A text and sound work released on 12” vinyl based on near-field recordings of febrile flies combined with texts by both Kirstein and Kasper Opstrup who researches on the occult, magic and radical countercultural movements.
Released 2019 on topos.media

credits

released September 3, 2019

Recording and text by T.R. Kirstein Drawing of Beelzebub photographed by TRK from Dictionnaire infernal (1863 edition), written by Jacques-Albin-Simon Collin de Plancy, and illustrated by Louis Le Breton Cover design Kasper Vang Liner notes by Kasper Opstrup Thank you HRMS and Leif Elggren
Also released on vinyl in an edition of 100 at Topos (topos.media)

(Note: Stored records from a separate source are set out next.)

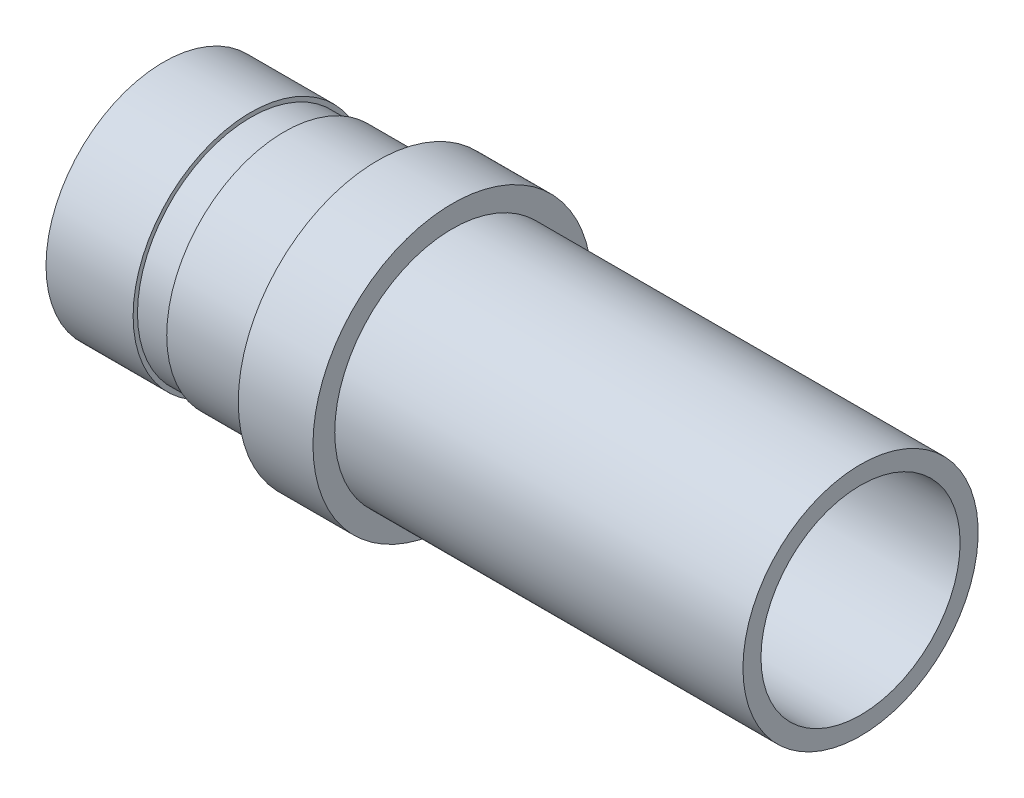
ISO-10303-21;
HEADER;
FILE_DESCRIPTION(('STEP AP214'),'2;1');
FILE_NAME('part.step','',(''),(''),'','','');
FILE_SCHEMA(('AUTOMOTIVE_DESIGN { 1 0 10303 214 1 1 1 1 }'));
ENDSEC;
DATA;
#1=APPLICATION_CONTEXT('core data for automotive mechanical design processes');
#2=APPLICATION_PROTOCOL_DEFINITION('international standard','automotive_design',2000,#1);
#3=PRODUCT_CONTEXT('',#1,'mechanical');
#4=PRODUCT('Part','Part','',(#3));
#5=PRODUCT_RELATED_PRODUCT_CATEGORY('part','',(#4));
#6=PRODUCT_DEFINITION_FORMATION('','',#4);
#7=PRODUCT_DEFINITION_CONTEXT('part definition',#1,'design');
#8=PRODUCT_DEFINITION('design','',#6,#7);
#9=PRODUCT_DEFINITION_SHAPE('','',#8);
#10=(LENGTH_UNIT() NAMED_UNIT(*) SI_UNIT(.MILLI.,.METRE.));
#11=(NAMED_UNIT(*) PLANE_ANGLE_UNIT() SI_UNIT($,.RADIAN.));
#12=(NAMED_UNIT(*) SI_UNIT($,.STERADIAN.) SOLID_ANGLE_UNIT());
#13=UNCERTAINTY_MEASURE_WITH_UNIT(LENGTH_MEASURE(1.E-05),#10,'distance_accuracy_value','');
#14=(GEOMETRIC_REPRESENTATION_CONTEXT(3) GLOBAL_UNCERTAINTY_ASSIGNED_CONTEXT((#13)) GLOBAL_UNIT_ASSIGNED_CONTEXT((#10,
#11,#12)) REPRESENTATION_CONTEXT('',''));
#15=CARTESIAN_POINT('',(0.,0.,0.));
#16=DIRECTION('',(0.,0.,1.));
#17=DIRECTION('',(1.,0.,0.));
#18=AXIS2_PLACEMENT_3D('',#15,#16,#17);
#19=CARTESIAN_POINT('',(0.,4.725,0.));
#20=DIRECTION('',(1.,0.,0.));
#21=DIRECTION('',(0.,0.,-1.));
#22=AXIS2_PLACEMENT_3D('',#19,#20,#21);
#23=PLANE('',#22);
#24=CARTESIAN_POINT('',(0.,0.,0.));
#25=DIRECTION('',(-1.,0.,0.));
#26=DIRECTION('',(0.,0.,1.));
#27=AXIS2_PLACEMENT_3D('',#24,#25,#26);
#28=CIRCLE('',#27,4.);
#29=CARTESIAN_POINT('',(0.,0.,4.));
#30=VERTEX_POINT('',#29);
#31=EDGE_CURVE('E10',#30,#30,#28,.T.);
#32=ORIENTED_EDGE('',*,*,#31,.F.);
#33=EDGE_LOOP('',(#32));
#34=FACE_BOUND('',#33,.T.);
#35=CARTESIAN_POINT('',(0.,0.,0.));
#36=DIRECTION('',(-1.,0.,0.));
#37=DIRECTION('',(0.,0.,1.));
#38=AXIS2_PLACEMENT_3D('',#35,#36,#37);
#39=CIRCLE('',#38,4.725);
#40=CARTESIAN_POINT('',(0.,0.,4.725));
#41=VERTEX_POINT('',#40);
#42=EDGE_CURVE('E68',#41,#41,#39,.T.);
#43=ORIENTED_EDGE('',*,*,#42,.T.);
#44=EDGE_LOOP('',(#43));
#45=FACE_BOUND('',#44,.T.);
#46=ADVANCED_FACE('F28',(#34,#45),#23,.F.);
#47=CARTESIAN_POINT('',(0.,0.,0.));
#48=DIRECTION('',(-1.,0.,0.));
#49=DIRECTION('',(0.,0.,1.));
#50=AXIS2_PLACEMENT_3D('',#47,#48,#49);
#51=CYLINDRICAL_SURFACE('',#50,4.);
#52=CARTESIAN_POINT('',(28.,0.,0.));
#53=DIRECTION('',(-1.,0.,0.));
#54=DIRECTION('',(0.,0.,1.));
#55=AXIS2_PLACEMENT_3D('',#52,#53,#54);
#56=CIRCLE('',#55,4.);
#57=CARTESIAN_POINT('',(28.,0.,4.));
#58=VERTEX_POINT('',#57);
#59=EDGE_CURVE('E34',#58,#58,#56,.T.);
#60=ORIENTED_EDGE('',*,*,#59,.F.);
#61=EDGE_LOOP('',(#60));
#62=FACE_BOUND('',#61,.T.);
#63=ORIENTED_EDGE('',*,*,#31,.T.);
#64=EDGE_LOOP('',(#63));
#65=FACE_BOUND('',#64,.T.);
#66=ADVANCED_FACE('F129',(#62,#65),#51,.F.);
#67=CARTESIAN_POINT('',(28.,4.725,0.));
#68=DIRECTION('',(-1.,0.,0.));
#69=DIRECTION('',(0.,0.,1.));
#70=AXIS2_PLACEMENT_3D('',#67,#68,#69);
#71=PLANE('',#70);
#72=CARTESIAN_POINT('',(28.,0.,0.));
#73=DIRECTION('',(-1.,0.,0.));
#74=DIRECTION('',(0.,0.,1.));
#75=AXIS2_PLACEMENT_3D('',#72,#73,#74);
#76=CIRCLE('',#75,4.725);
#77=CARTESIAN_POINT('',(28.,0.,4.725));
#78=VERTEX_POINT('',#77);
#79=EDGE_CURVE('E38',#78,#78,#76,.T.);
#80=ORIENTED_EDGE('',*,*,#79,.F.);
#81=EDGE_LOOP('',(#80));
#82=FACE_BOUND('',#81,.T.);
#83=ORIENTED_EDGE('',*,*,#59,.T.);
#84=EDGE_LOOP('',(#83));
#85=FACE_BOUND('',#84,.T.);
#86=ADVANCED_FACE('F124',(#82,#85),#71,.F.);
#87=CARTESIAN_POINT('',(0.,0.,0.));
#88=DIRECTION('',(-1.,0.,0.));
#89=DIRECTION('',(0.,0.,1.));
#90=AXIS2_PLACEMENT_3D('',#87,#88,#89);
#91=CYLINDRICAL_SURFACE('',#90,4.725);
#92=CARTESIAN_POINT('',(11.6,0.,0.));
#93=DIRECTION('',(-1.,0.,0.));
#94=DIRECTION('',(0.,0.,1.));
#95=AXIS2_PLACEMENT_3D('',#92,#93,#94);
#96=CIRCLE('',#95,4.725);
#97=CARTESIAN_POINT('',(11.6,0.,4.725));
#98=VERTEX_POINT('',#97);
#99=EDGE_CURVE('E42',#98,#98,#96,.T.);
#100=ORIENTED_EDGE('',*,*,#99,.F.);
#101=EDGE_LOOP('',(#100));
#102=FACE_BOUND('',#101,.T.);
#103=ORIENTED_EDGE('',*,*,#79,.T.);
#104=EDGE_LOOP('',(#103));
#105=FACE_BOUND('',#104,.T.);
#106=ADVANCED_FACE('F118',(#102,#105),#91,.T.);
#107=CARTESIAN_POINT('',(11.6,5.6,0.));
#108=DIRECTION('',(-1.,0.,0.));
#109=DIRECTION('',(0.,0.,1.));
#110=AXIS2_PLACEMENT_3D('',#107,#108,#109);
#111=PLANE('',#110);
#112=CARTESIAN_POINT('',(11.6,0.,0.));
#113=DIRECTION('',(-1.,0.,0.));
#114=DIRECTION('',(0.,0.,1.));
#115=AXIS2_PLACEMENT_3D('',#112,#113,#114);
#116=CIRCLE('',#115,5.6);
#117=CARTESIAN_POINT('',(11.6,0.,5.6));
#118=VERTEX_POINT('',#117);
#119=EDGE_CURVE('E47',#118,#118,#116,.T.);
#120=ORIENTED_EDGE('',*,*,#119,.F.);
#121=EDGE_LOOP('',(#120));
#122=FACE_BOUND('',#121,.T.);
#123=ORIENTED_EDGE('',*,*,#99,.T.);
#124=EDGE_LOOP('',(#123));
#125=FACE_BOUND('',#124,.T.);
#126=ADVANCED_FACE('F112',(#122,#125),#111,.F.);
#127=CARTESIAN_POINT('',(0.,0.,0.));
#128=DIRECTION('',(-1.,0.,0.));
#129=DIRECTION('',(0.,0.,1.));
#130=AXIS2_PLACEMENT_3D('',#127,#128,#129);
#131=CYLINDRICAL_SURFACE('',#130,5.6);
#132=CARTESIAN_POINT('',(8.6,0.,0.));
#133=DIRECTION('',(-1.,0.,0.));
#134=DIRECTION('',(0.,0.,1.));
#135=AXIS2_PLACEMENT_3D('',#132,#133,#134);
#136=CIRCLE('',#135,5.6);
#137=CARTESIAN_POINT('',(8.6,0.,5.6));
#138=VERTEX_POINT('',#137);
#139=EDGE_CURVE('E50',#138,#138,#136,.T.);
#140=ORIENTED_EDGE('',*,*,#139,.F.);
#141=EDGE_LOOP('',(#140));
#142=FACE_BOUND('',#141,.T.);
#143=ORIENTED_EDGE('',*,*,#119,.T.);
#144=EDGE_LOOP('',(#143));
#145=FACE_BOUND('',#144,.T.);
#146=ADVANCED_FACE('F106',(#142,#145),#131,.T.);
#147=CARTESIAN_POINT('',(8.6,4.725,0.));
#148=DIRECTION('',(1.,0.,0.));
#149=DIRECTION('',(0.,0.,-1.));
#150=AXIS2_PLACEMENT_3D('',#147,#148,#149);
#151=PLANE('',#150);
#152=CARTESIAN_POINT('',(8.6,0.,0.));
#153=DIRECTION('',(-1.,0.,0.));
#154=DIRECTION('',(0.,0.,1.));
#155=AXIS2_PLACEMENT_3D('',#152,#153,#154);
#156=CIRCLE('',#155,4.725);
#157=CARTESIAN_POINT('',(8.6,0.,4.725));
#158=VERTEX_POINT('',#157);
#159=EDGE_CURVE('E53',#158,#158,#156,.T.);
#160=ORIENTED_EDGE('',*,*,#159,.F.);
#161=EDGE_LOOP('',(#160));
#162=FACE_BOUND('',#161,.T.);
#163=ORIENTED_EDGE('',*,*,#139,.T.);
#164=EDGE_LOOP('',(#163));
#165=FACE_BOUND('',#164,.T.);
#166=ADVANCED_FACE('F100',(#162,#165),#151,.F.);
#167=CARTESIAN_POINT('',(0.,0.,0.));
#168=DIRECTION('',(-1.,0.,0.));
#169=DIRECTION('',(0.,0.,1.));
#170=AXIS2_PLACEMENT_3D('',#167,#168,#169);
#171=CYLINDRICAL_SURFACE('',#170,4.725);
#172=CARTESIAN_POINT('',(4.85,0.,0.));
#173=DIRECTION('',(-1.,0.,0.));
#174=DIRECTION('',(0.,0.,1.));
#175=AXIS2_PLACEMENT_3D('',#172,#173,#174);
#176=CIRCLE('',#175,4.725);
#177=CARTESIAN_POINT('',(4.85,0.,4.725));
#178=VERTEX_POINT('',#177);
#179=EDGE_CURVE('E56',#178,#178,#176,.T.);
#180=ORIENTED_EDGE('',*,*,#179,.F.);
#181=EDGE_LOOP('',(#180));
#182=FACE_BOUND('',#181,.T.);
#183=ORIENTED_EDGE('',*,*,#159,.T.);
#184=EDGE_LOOP('',(#183));
#185=FACE_BOUND('',#184,.T.);
#186=ADVANCED_FACE('F94',(#182,#185),#171,.T.);
#187=CARTESIAN_POINT('',(4.85,4.55,0.));
#188=DIRECTION('',(1.,0.,0.));
#189=DIRECTION('',(0.,0.,-1.));
#190=AXIS2_PLACEMENT_3D('',#187,#188,#189);
#191=PLANE('',#190);
#192=CARTESIAN_POINT('',(4.85,0.,0.));
#193=DIRECTION('',(-1.,0.,0.));
#194=DIRECTION('',(0.,0.,1.));
#195=AXIS2_PLACEMENT_3D('',#192,#193,#194);
#196=CIRCLE('',#195,4.55);
#197=CARTESIAN_POINT('',(4.85,0.,4.55));
#198=VERTEX_POINT('',#197);
#199=EDGE_CURVE('E59',#198,#198,#196,.T.);
#200=ORIENTED_EDGE('',*,*,#199,.F.);
#201=EDGE_LOOP('',(#200));
#202=FACE_BOUND('',#201,.T.);
#203=ORIENTED_EDGE('',*,*,#179,.T.);
#204=EDGE_LOOP('',(#203));
#205=FACE_BOUND('',#204,.T.);
#206=ADVANCED_FACE('F88',(#202,#205),#191,.F.);
#207=CARTESIAN_POINT('',(0.,0.,0.));
#208=DIRECTION('',(-1.,0.,0.));
#209=DIRECTION('',(0.,0.,1.));
#210=AXIS2_PLACEMENT_3D('',#207,#208,#209);
#211=CYLINDRICAL_SURFACE('',#210,4.55);
#212=CARTESIAN_POINT('',(3.5,0.,0.));
#213=DIRECTION('',(-1.,0.,0.));
#214=DIRECTION('',(0.,0.,1.));
#215=AXIS2_PLACEMENT_3D('',#212,#213,#214);
#216=CIRCLE('',#215,4.55);
#217=CARTESIAN_POINT('',(3.5,0.,4.55));
#218=VERTEX_POINT('',#217);
#219=EDGE_CURVE('E62',#218,#218,#216,.T.);
#220=ORIENTED_EDGE('',*,*,#219,.F.);
#221=EDGE_LOOP('',(#220));
#222=FACE_BOUND('',#221,.T.);
#223=ORIENTED_EDGE('',*,*,#199,.T.);
#224=EDGE_LOOP('',(#223));
#225=FACE_BOUND('',#224,.T.);
#226=ADVANCED_FACE('F82',(#222,#225),#211,.T.);
#227=CARTESIAN_POINT('',(3.5,4.725,0.));
#228=DIRECTION('',(-1.,0.,0.));
#229=DIRECTION('',(0.,0.,1.));
#230=AXIS2_PLACEMENT_3D('',#227,#228,#229);
#231=PLANE('',#230);
#232=CARTESIAN_POINT('',(3.5,0.,0.));
#233=DIRECTION('',(-1.,0.,0.));
#234=DIRECTION('',(0.,0.,1.));
#235=AXIS2_PLACEMENT_3D('',#232,#233,#234);
#236=CIRCLE('',#235,4.725);
#237=CARTESIAN_POINT('',(3.5,0.,4.725));
#238=VERTEX_POINT('',#237);
#239=EDGE_CURVE('E65',#238,#238,#236,.T.);
#240=ORIENTED_EDGE('',*,*,#239,.F.);
#241=EDGE_LOOP('',(#240));
#242=FACE_BOUND('',#241,.T.);
#243=ORIENTED_EDGE('',*,*,#219,.T.);
#244=EDGE_LOOP('',(#243));
#245=FACE_BOUND('',#244,.T.);
#246=ADVANCED_FACE('F76',(#242,#245),#231,.F.);
#247=CARTESIAN_POINT('',(0.,0.,0.));
#248=DIRECTION('',(-1.,0.,0.));
#249=DIRECTION('',(0.,0.,1.));
#250=AXIS2_PLACEMENT_3D('',#247,#248,#249);
#251=CYLINDRICAL_SURFACE('',#250,4.725);
#252=ORIENTED_EDGE('',*,*,#42,.F.);
#253=EDGE_LOOP('',(#252));
#254=FACE_BOUND('',#253,.T.);
#255=ORIENTED_EDGE('',*,*,#239,.T.);
#256=EDGE_LOOP('',(#255));
#257=FACE_BOUND('',#256,.T.);
#258=ADVANCED_FACE('F73',(#254,#257),#251,.T.);
#259=CLOSED_SHELL('',(#46,#66,#86,#106,#126,#146,#166,#186,#206,#226,#246,#258));
#260=MANIFOLD_SOLID_BREP('B2',#259);
#261=ADVANCED_BREP_SHAPE_REPRESENTATION('',(#18,#260),#14);
#262=SHAPE_DEFINITION_REPRESENTATION(#9,#261);
ENDSEC;
END-ISO-10303-21;

TOPOS is a not-for-profit arts organisation, founded in 2019 by the three artists and composers, Jacob Kirkegaard, Tobias R. Kirstein and Niels Lyhne Løkkegaard, to pursue their shared commitment to cross cultural and cross media activities that move beyond the strictures and boundaries of separate fields and disciplines. Its projects and program use various modes of presenting, publishing and releasing contemporary and archival material, generated or discovered by Topos.
Topos is collaborating with Julie Martin, Director of Experiments in Art and Technology (E.A.T.) to research and publish selected material from Martin’s and the organisation's extensive archive of sound recordings that include performances, interviews and other sound material produced over the past 50 years.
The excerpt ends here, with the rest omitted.